## What the task requires
Text only, exactly as given: reproduce the entries below without their pictures.

## Records excerpted from a collection
--- --- ---

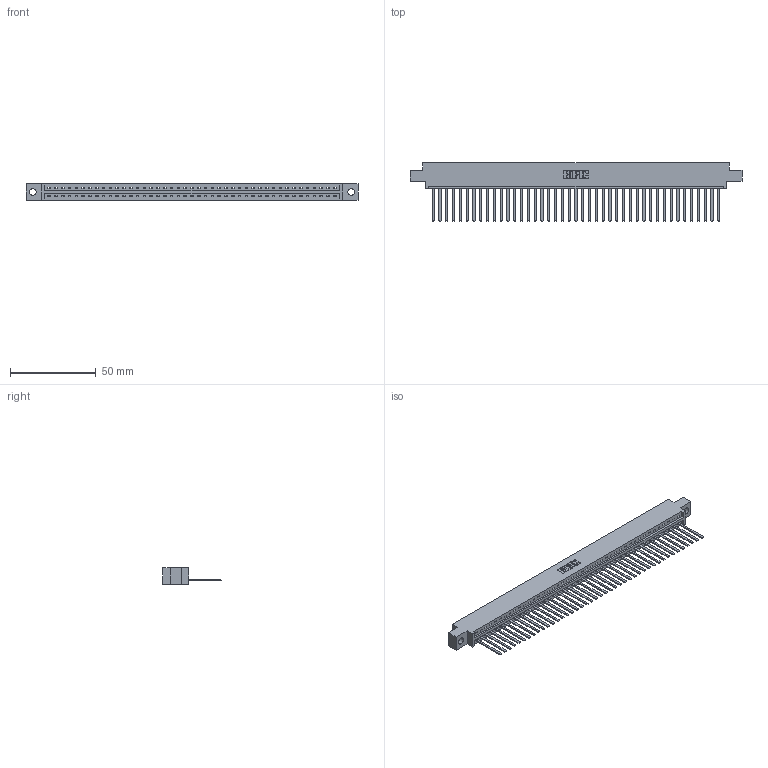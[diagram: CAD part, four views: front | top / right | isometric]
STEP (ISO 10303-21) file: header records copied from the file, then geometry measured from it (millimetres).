
FILE_DESCRIPTION (( 'STEP AP203' ), '1' );
FILE_NAME ('337-043-544-604.STEP', '2018-08-09T03:45:47', ( '' ), ( '' ), 'SwSTEP 2.0', 'SolidWorks 2016', '' );
FILE_SCHEMA (( 'CONFIG_CONTROL_DESIGN' ));
Length unit declared in the file: inch
Products named in the file (3): 337 Part_0.170 Offset - 0.156 Dia-TH; 345-292-001_345-293-144; 337-043-544-604
Assembly tree (44 placements, depth 2):
  337-043-544-604
    337 Part_0.170 Offset - 0.156 Dia-TH
    345-292-001_345-293-144  x43
Bounding box: 193.4 x 34.3 x 9.4 mm (x, y, z)
Volume: 20405.4 mm3; surface area: 22621.4 mm2
Topology: 44 solids, 44 shells, 2526 faces, 7633 edges, 5030 vertices
Faces by surface type: plane 1880, cylinder 646
Entity records: 31785 total; most frequent: CARTESIAN_POINT 5543, ORIENTED_EDGE 5522, DIRECTION 4659, EDGE_CURVE 2761, VECTOR 2637, LINE 2637, VERTEX_POINT 1838, AXIS2_PLACEMENT_3D 1011

--- --- ---

## Response for this exercise
[diagram: CAD part, four views: front | top / right | isometric]
STEP (ISO 10303-21) file: header records copied from the file, then geometry measured from it (millimetres).
FILE_DESCRIPTION (( 'STEP AP203' ), '1' );
FILE_NAME ('337-043-544-604.STEP', '2018-08-09T03:45:47', ( '' ), ( '' ), 'SwSTEP 2.0', 'SolidWorks 2016', '' );
FILE_SCHEMA (( 'CONFIG_CONTROL_DESIGN' ));
Length unit declared in the file: inch
Products named in the file (3): 337 Part_0.170 Offset - 0.156 Dia-TH; 345-292-001_345-293-144; 337-043-544-604
Assembly tree (44 placements, depth 2):
  337-043-544-604
    337 Part_0.170 Offset - 0.156 Dia-TH
    345-292-001_345-293-144  x43
Bounding box: 193.4 x 34.3 x 9.4 mm (x, y, z)
Volume: 20405.4 mm3; surface area: 22621.4 mm2
Topology: 44 solids, 44 shells, 2526 faces, 7633 edges, 5030 vertices
Faces by surface type: plane 1880, cylinder 646
Entity records: 31785 total; most frequent: CARTESIAN_POINT 5543, ORIENTED_EDGE 5522, DIRECTION 4659, EDGE_CURVE 2761, VECTOR 2637, LINE 2637, VERTEX_POINT 1838, AXIS2_PLACEMENT_3D 1011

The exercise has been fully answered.